Merle is in the green fields with him.

He turned his head to the side and before he knew it, he'd plunged into darkness again but a figure stretched her hand out toward him. He wondered if this was the comfort he'd rejected in life. He wondered if he'd only find it in his dreams. He didn't know who this figure was, but her hand looked familiar so he took it into his own. It was warm and soft. She held his hand firmly and it felt like he was being infused with a bit of life.

He woke when the figure squeezed his hand.

The cell felt darker now. The cool white glow of the moon was still the only source of light. Daryl felt a hand on his shoulder that made his entire body hurt. Merle never taught him what it meant to be tolerant and what it meant to love and what it meant to take responsibility and accept that your actions have consequences. But Merle taught him to say no, the most powerful gift anyone could give someone. He taught him to fight. He made him into a survivor.

With each second that passed, time stretched and Daryl struggled to remain present by focusing on his breath and his heart beat.

He closed his eyes for dark. Merle was there. He had that shit-eating grin plastered on his face. Momma was there too, her hand was so soft. Her hand had held his all this time. They were standing in green fields and the sky was blood and warmth and Charlotte's hand was warm. Daryl heard her voice. "I'm proud of you…. Daryl you are not Merle. You are your own man and now is your time. It's okay to let go son. You are free."

"You did right." Merle added, then chuckled, "Little brother."

Daryl opened his eyes as the last of the vision slipped away.

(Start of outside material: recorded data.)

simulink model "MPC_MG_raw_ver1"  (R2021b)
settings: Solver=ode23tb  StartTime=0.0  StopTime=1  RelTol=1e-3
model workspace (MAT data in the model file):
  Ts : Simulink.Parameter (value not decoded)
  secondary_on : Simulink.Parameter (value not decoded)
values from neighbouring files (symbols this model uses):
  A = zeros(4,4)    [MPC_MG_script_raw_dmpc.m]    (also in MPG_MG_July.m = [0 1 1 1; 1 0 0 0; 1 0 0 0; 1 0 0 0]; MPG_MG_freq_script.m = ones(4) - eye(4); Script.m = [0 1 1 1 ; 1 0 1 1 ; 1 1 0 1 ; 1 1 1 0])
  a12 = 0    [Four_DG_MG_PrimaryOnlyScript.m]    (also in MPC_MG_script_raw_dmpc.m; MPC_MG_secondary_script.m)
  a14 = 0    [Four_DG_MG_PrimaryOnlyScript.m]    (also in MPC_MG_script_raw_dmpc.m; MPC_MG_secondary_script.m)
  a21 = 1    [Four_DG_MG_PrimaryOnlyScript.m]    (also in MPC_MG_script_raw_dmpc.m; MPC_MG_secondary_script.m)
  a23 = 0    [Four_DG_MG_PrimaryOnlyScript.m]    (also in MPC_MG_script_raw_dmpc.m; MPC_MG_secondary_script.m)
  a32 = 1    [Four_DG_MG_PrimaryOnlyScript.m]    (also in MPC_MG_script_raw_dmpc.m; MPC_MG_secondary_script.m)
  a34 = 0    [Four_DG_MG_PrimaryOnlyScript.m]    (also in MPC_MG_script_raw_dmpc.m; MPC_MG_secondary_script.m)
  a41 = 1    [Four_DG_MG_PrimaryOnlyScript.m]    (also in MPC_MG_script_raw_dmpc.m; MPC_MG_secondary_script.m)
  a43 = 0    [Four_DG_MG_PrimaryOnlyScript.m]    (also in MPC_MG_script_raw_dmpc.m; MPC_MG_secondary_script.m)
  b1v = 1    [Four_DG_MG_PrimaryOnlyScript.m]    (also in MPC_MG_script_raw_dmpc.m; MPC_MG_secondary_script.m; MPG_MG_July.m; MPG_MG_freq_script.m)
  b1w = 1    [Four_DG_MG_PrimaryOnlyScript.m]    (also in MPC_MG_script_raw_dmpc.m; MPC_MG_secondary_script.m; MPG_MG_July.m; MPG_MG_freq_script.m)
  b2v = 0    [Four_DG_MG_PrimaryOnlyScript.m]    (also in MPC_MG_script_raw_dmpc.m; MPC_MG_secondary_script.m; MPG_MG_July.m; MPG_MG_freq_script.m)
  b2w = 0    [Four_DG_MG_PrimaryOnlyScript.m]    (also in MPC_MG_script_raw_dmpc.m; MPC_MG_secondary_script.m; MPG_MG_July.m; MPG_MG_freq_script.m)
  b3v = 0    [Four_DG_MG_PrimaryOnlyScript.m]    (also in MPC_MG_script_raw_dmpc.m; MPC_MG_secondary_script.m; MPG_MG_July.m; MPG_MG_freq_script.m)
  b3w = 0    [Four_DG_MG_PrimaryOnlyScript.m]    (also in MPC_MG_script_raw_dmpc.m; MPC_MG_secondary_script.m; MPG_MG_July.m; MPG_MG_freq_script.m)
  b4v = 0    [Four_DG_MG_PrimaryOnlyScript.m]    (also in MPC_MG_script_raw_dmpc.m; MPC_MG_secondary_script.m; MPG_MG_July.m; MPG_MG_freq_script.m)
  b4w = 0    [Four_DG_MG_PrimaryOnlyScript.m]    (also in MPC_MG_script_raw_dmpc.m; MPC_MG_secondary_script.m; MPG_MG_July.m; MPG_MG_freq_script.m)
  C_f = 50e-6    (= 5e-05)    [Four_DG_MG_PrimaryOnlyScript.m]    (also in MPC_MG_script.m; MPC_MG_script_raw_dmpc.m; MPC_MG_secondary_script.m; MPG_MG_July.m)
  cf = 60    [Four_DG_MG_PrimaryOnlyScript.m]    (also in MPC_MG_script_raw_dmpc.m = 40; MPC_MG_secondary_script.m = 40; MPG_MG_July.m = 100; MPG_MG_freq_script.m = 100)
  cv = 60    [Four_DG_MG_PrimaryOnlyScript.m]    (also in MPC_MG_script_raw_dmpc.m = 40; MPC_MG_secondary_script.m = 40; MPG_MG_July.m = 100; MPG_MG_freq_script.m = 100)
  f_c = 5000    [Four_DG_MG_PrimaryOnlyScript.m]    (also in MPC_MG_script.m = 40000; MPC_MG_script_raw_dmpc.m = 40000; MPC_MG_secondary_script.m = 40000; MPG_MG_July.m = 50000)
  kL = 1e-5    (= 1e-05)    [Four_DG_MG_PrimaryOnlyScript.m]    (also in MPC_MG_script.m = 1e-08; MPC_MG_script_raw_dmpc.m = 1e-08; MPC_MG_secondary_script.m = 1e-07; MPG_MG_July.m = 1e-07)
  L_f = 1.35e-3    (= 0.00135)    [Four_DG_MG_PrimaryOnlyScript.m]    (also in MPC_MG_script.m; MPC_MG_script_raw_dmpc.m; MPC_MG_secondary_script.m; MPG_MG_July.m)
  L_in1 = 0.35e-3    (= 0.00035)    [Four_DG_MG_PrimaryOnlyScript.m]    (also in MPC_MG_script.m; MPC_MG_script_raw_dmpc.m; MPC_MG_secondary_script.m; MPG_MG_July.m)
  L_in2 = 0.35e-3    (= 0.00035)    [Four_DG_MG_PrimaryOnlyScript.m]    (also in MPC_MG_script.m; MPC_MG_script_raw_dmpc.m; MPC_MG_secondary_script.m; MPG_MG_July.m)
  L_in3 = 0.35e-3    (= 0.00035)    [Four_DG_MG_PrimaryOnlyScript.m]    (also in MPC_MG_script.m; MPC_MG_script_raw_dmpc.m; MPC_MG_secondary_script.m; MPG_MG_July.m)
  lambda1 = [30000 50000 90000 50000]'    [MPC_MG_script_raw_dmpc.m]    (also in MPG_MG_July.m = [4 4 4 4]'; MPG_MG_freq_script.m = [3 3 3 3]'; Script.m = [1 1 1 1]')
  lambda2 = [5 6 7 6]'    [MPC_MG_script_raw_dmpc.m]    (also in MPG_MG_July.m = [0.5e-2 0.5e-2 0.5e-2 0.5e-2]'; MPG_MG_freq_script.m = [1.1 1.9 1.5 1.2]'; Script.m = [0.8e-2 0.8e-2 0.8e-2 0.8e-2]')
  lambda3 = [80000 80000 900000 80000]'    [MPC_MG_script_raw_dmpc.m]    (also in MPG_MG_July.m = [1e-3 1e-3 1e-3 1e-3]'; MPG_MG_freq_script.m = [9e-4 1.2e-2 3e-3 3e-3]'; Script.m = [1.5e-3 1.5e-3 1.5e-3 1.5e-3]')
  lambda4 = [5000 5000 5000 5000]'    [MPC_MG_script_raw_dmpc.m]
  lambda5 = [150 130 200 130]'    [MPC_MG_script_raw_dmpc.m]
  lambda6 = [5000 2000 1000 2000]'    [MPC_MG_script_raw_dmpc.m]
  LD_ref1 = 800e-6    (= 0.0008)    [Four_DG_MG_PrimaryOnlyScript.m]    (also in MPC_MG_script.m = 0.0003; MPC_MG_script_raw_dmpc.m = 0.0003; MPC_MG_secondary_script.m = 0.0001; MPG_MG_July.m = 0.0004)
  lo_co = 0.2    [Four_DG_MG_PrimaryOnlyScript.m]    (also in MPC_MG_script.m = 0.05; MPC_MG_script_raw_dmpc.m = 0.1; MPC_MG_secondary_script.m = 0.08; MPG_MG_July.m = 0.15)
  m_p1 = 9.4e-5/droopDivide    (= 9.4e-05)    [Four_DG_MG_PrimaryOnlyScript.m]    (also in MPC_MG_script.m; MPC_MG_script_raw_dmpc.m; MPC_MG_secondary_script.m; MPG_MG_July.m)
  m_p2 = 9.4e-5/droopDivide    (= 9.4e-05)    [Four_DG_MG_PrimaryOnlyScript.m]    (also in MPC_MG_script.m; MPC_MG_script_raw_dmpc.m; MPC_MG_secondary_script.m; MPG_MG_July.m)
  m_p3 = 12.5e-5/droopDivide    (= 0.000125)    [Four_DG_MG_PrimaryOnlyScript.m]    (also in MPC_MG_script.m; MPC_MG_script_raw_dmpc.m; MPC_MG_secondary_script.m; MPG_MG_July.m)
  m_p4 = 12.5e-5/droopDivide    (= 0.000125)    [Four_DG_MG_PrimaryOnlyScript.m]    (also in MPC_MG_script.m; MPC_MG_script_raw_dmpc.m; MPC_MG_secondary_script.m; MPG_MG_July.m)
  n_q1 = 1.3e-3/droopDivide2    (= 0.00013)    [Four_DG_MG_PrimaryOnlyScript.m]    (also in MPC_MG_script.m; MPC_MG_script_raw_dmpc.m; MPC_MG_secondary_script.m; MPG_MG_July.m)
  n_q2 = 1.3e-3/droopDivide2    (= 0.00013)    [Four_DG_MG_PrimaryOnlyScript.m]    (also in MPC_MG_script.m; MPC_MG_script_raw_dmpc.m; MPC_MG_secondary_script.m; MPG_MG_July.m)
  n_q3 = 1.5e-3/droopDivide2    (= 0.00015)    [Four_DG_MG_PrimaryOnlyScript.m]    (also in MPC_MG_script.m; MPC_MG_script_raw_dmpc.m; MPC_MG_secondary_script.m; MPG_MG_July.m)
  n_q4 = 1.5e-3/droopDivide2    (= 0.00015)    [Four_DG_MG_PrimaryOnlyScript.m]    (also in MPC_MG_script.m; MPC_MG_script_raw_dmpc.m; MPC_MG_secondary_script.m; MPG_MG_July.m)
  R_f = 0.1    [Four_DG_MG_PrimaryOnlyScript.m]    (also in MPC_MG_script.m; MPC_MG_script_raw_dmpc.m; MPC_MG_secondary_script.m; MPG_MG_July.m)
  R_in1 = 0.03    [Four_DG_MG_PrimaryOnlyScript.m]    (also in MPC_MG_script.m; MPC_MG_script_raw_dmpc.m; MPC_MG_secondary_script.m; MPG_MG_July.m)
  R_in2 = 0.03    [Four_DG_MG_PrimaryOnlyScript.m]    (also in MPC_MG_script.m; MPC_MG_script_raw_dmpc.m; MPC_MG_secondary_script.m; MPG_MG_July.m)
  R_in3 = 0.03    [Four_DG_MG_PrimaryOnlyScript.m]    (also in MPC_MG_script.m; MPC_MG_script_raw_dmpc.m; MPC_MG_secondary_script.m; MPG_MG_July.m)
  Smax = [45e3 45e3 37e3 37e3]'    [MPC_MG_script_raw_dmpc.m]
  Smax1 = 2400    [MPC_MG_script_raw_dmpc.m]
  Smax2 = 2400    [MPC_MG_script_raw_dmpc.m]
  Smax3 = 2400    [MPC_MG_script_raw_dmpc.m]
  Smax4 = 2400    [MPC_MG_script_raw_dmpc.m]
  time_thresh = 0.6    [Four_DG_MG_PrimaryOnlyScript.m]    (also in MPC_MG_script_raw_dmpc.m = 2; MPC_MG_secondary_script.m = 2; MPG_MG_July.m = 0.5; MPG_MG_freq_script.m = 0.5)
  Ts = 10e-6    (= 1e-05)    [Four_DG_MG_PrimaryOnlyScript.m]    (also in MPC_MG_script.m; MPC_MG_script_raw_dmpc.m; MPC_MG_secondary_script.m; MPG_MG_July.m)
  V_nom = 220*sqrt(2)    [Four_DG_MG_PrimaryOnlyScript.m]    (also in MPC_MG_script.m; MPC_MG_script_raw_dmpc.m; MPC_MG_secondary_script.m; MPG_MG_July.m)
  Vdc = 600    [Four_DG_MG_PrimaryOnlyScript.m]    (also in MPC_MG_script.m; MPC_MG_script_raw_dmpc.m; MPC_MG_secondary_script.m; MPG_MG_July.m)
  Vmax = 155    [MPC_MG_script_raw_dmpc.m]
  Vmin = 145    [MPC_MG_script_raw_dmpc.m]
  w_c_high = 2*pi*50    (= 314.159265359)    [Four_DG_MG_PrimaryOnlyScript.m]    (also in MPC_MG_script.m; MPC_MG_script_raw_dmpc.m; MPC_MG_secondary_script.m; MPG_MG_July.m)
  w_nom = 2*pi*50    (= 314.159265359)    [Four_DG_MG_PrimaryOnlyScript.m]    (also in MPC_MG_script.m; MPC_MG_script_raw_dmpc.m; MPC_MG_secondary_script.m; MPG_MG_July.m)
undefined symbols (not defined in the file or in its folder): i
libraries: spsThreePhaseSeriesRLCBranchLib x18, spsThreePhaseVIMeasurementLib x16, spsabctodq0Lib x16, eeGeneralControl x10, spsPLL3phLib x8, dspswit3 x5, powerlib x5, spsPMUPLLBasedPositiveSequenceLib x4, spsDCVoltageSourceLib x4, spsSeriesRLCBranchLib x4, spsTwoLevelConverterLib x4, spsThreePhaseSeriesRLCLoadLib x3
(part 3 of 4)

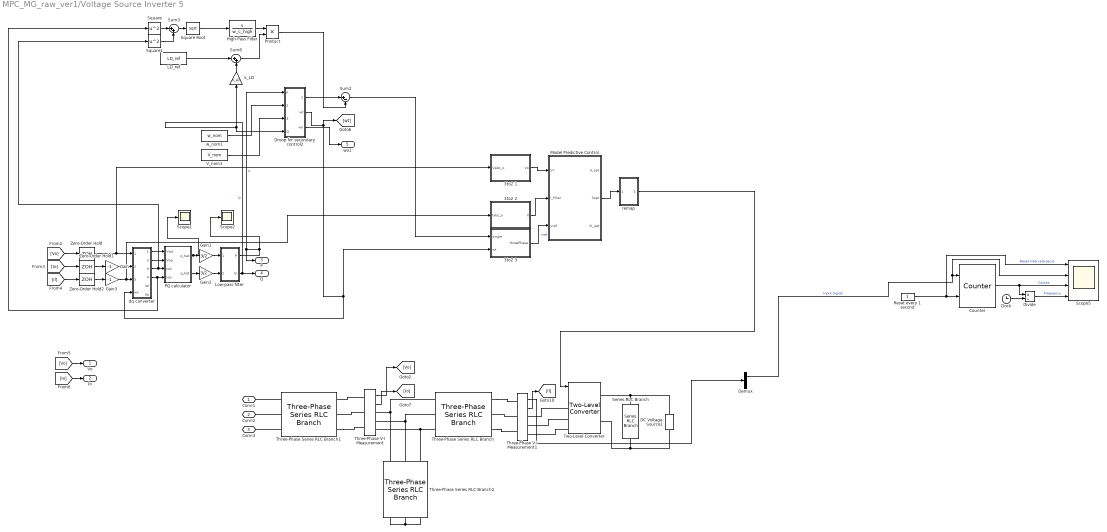
== system MPC_MG_raw_ver1/Voltage Source Inverter 5 ==
  3to2 1 : Subsystem
  3to2 2 : Subsystem
  3to2 3 : Subsystem
  Clock : Clock
  Counter : dspswit3/Counter  Direction=Up  CountEvent=Rising edge  CounterSize=User defined  MaxCount=5e5  InitialCount=0  Output=Count  HitValue=1  ResetInput=on  SamplesPerFrame=1  Ts=1  CntDtype=double  HitDtype=Logical
  DC Voltage Source1 : powerlib/Electrical Sources/DC Voltage Source  Amplitude=Vdc  Measurements=None
  Demux : Demux  Outputs=3
  Divide : Product  Inputs=*/
  Droop for secondary control2 : Subsystem
  Gain : Gain  Gain=-1
  Gain1 : Gain  Gain=3/2
  Gain2 : Gain  Gain=3/2
  Gain3 : Gain  Gain=-1
  High-Pass Filter : TransferFcn  Numerator=[1 0]  Denominator=w_c_high
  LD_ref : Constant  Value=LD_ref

I don't want to die. Ultimately Daryl didn't want to go to that unknown abyss. Was this time, right now, the best of what he could expect? Walkers and all? So many people believe that Hell is right here on Earth while Peggy Lee sings in the background, "Is That All There Is?" Not being much of a gambler, Daryl would rather take his chances with the life he had left to live and not dwell on the unknown of death, which would probably come sooner than later. He'd take out as many of those dead sons of bitches as he could on the way. No, he wasn't gonna eat his own bullet. Sticking his head in the sand didn't make death go away. Soon it would come for him, but he'd go out fighting. Merle had made sure of that.